WHAT IS REQUIRED
This task calls for copying every line in the data below that contains the word "mechanical".
++++ INFORMATION SUPPLIED
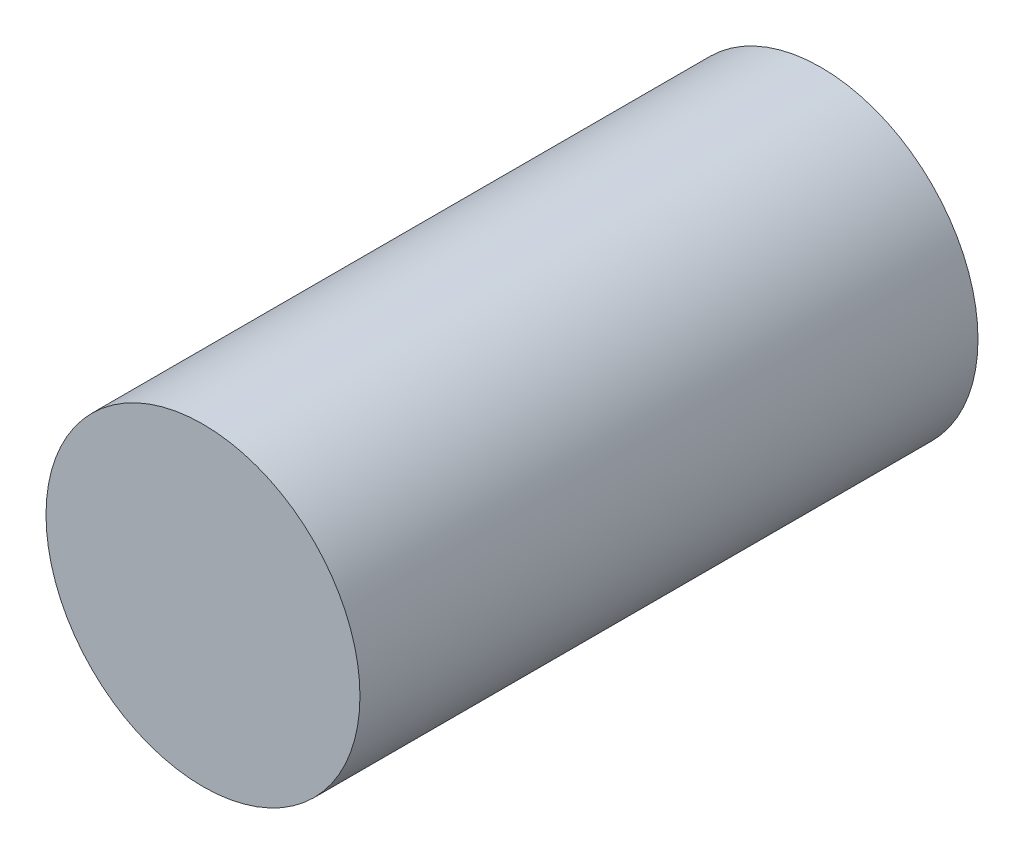
ISO-10303-21;
HEADER;
FILE_DESCRIPTION(('STEP AP214'),'2;1');
FILE_NAME('part.step','',(''),(''),'','','');
FILE_SCHEMA(('AUTOMOTIVE_DESIGN { 1 0 10303 214 1 1 1 1 }'));
ENDSEC;
DATA;
#1=APPLICATION_CONTEXT('core data for automotive mechanical design processes');
#2=APPLICATION_PROTOCOL_DEFINITION('international standard','automotive_design',2000,#1);
#3=PRODUCT_CONTEXT('',#1,'mechanical');
#4=PRODUCT('Part','Part','',(#3));
#5=PRODUCT_RELATED_PRODUCT_CATEGORY('part','',(#4));
#6=PRODUCT_DEFINITION_FORMATION('','',#4);
#7=PRODUCT_DEFINITION_CONTEXT('part definition',#1,'design');
#8=PRODUCT_DEFINITION('design','',#6,#7);
#9=PRODUCT_DEFINITION_SHAPE('','',#8);
#10=(LENGTH_UNIT() NAMED_UNIT(*) SI_UNIT(.MILLI.,.METRE.));
#11=(NAMED_UNIT(*) PLANE_ANGLE_UNIT() SI_UNIT($,.RADIAN.));
#12=(NAMED_UNIT(*) SI_UNIT($,.STERADIAN.) SOLID_ANGLE_UNIT());
#13=UNCERTAINTY_MEASURE_WITH_UNIT(LENGTH_MEASURE(1.E-05),#10,'distance_accuracy_value','');
#14=(GEOMETRIC_REPRESENTATION_CONTEXT(3) GLOBAL_UNCERTAINTY_ASSIGNED_CONTEXT((#13)) GLOBAL_UNIT_ASSIGNED_CONTEXT((#10,
#11,#12)) REPRESENTATION_CONTEXT('',''));
#15=CARTESIAN_POINT('',(0.,0.,0.));
#16=DIRECTION('',(0.,0.,1.));
#17=DIRECTION('',(1.,0.,0.));
#18=AXIS2_PLACEMENT_3D('',#15,#16,#17);
#19=CARTESIAN_POINT('',(0.,0.,50.));
#20=DIRECTION('',(0.,0.,-1.));
#21=DIRECTION('',(-1.,0.,0.));
#22=AXIS2_PLACEMENT_3D('',#19,#20,#21);
#23=CYLINDRICAL_SURFACE('',#22,12.7);
#24=CARTESIAN_POINT('',(0.,0.,50.));
#25=DIRECTION('',(0.,0.,1.));
#26=DIRECTION('',(1.,0.,0.));
#27=AXIS2_PLACEMENT_3D('',#24,#25,#26);
#28=CIRCLE('',#27,12.7);
#29=CARTESIAN_POINT('',(12.7,0.,50.));
#30=VERTEX_POINT('',#29);
#31=EDGE_CURVE('E10',#30,#30,#28,.T.);
#32=ORIENTED_EDGE('',*,*,#31,.F.);
#33=EDGE_LOOP('',(#32));
#34=FACE_BOUND('',#33,.T.);
#35=CARTESIAN_POINT('',(0.,0.,0.));
#36=DIRECTION('',(0.,0.,1.));
#37=DIRECTION('',(1.,0.,0.));
#38=AXIS2_PLACEMENT_3D('',#35,#36,#37);
#39=CIRCLE('',#38,12.7);
#40=CARTESIAN_POINT('',(12.7,0.,0.));
#41=VERTEX_POINT('',#40);
#42=EDGE_CURVE('E36',#41,#41,#39,.T.);
#43=ORIENTED_EDGE('',*,*,#42,.T.);
#44=EDGE_LOOP('',(#43));
#45=FACE_BOUND('',#44,.T.);
#46=ADVANCED_FACE('F33',(#34,#45),#23,.T.);
#47=CARTESIAN_POINT('',(0.,0.,50.));
#48=DIRECTION('',(0.,0.,1.));
#49=DIRECTION('',(1.,0.,0.));
#50=AXIS2_PLACEMENT_3D('',#47,#48,#49);
#51=PLANE('',#50);
#52=ORIENTED_EDGE('',*,*,#31,.T.);
#53=EDGE_LOOP('',(#52));
#54=FACE_BOUND('',#53,.T.);
#55=ADVANCED_FACE('F48',(#54),#51,.T.);
#56=CARTESIAN_POINT('',(0.,0.,0.));
#57=DIRECTION('',(0.,0.,1.));
#58=DIRECTION('',(1.,0.,0.));
#59=AXIS2_PLACEMENT_3D('',#56,#57,#58);
#60=PLANE('',#59);
#61=ORIENTED_EDGE('',*,*,#42,.F.);
#62=EDGE_LOOP('',(#61));
#63=FACE_BOUND('',#62,.T.);
#64=ADVANCED_FACE('F46',(#63),#60,.F.);
#65=CLOSED_SHELL('',(#46,#55,#64));
#66=MANIFOLD_SOLID_BREP('B2',#65);
#67=ADVANCED_BREP_SHAPE_REPRESENTATION('',(#18,#66),#14);
#68=SHAPE_DEFINITION_REPRESENTATION(#9,#67);
ENDSEC;
END-ISO-10303-21;
++++++++
ANSWER SPACE
#1=APPLICATION_CONTEXT('core data for automotive mechanical design processes');
#3=PRODUCT_CONTEXT('',#1,'mechanical');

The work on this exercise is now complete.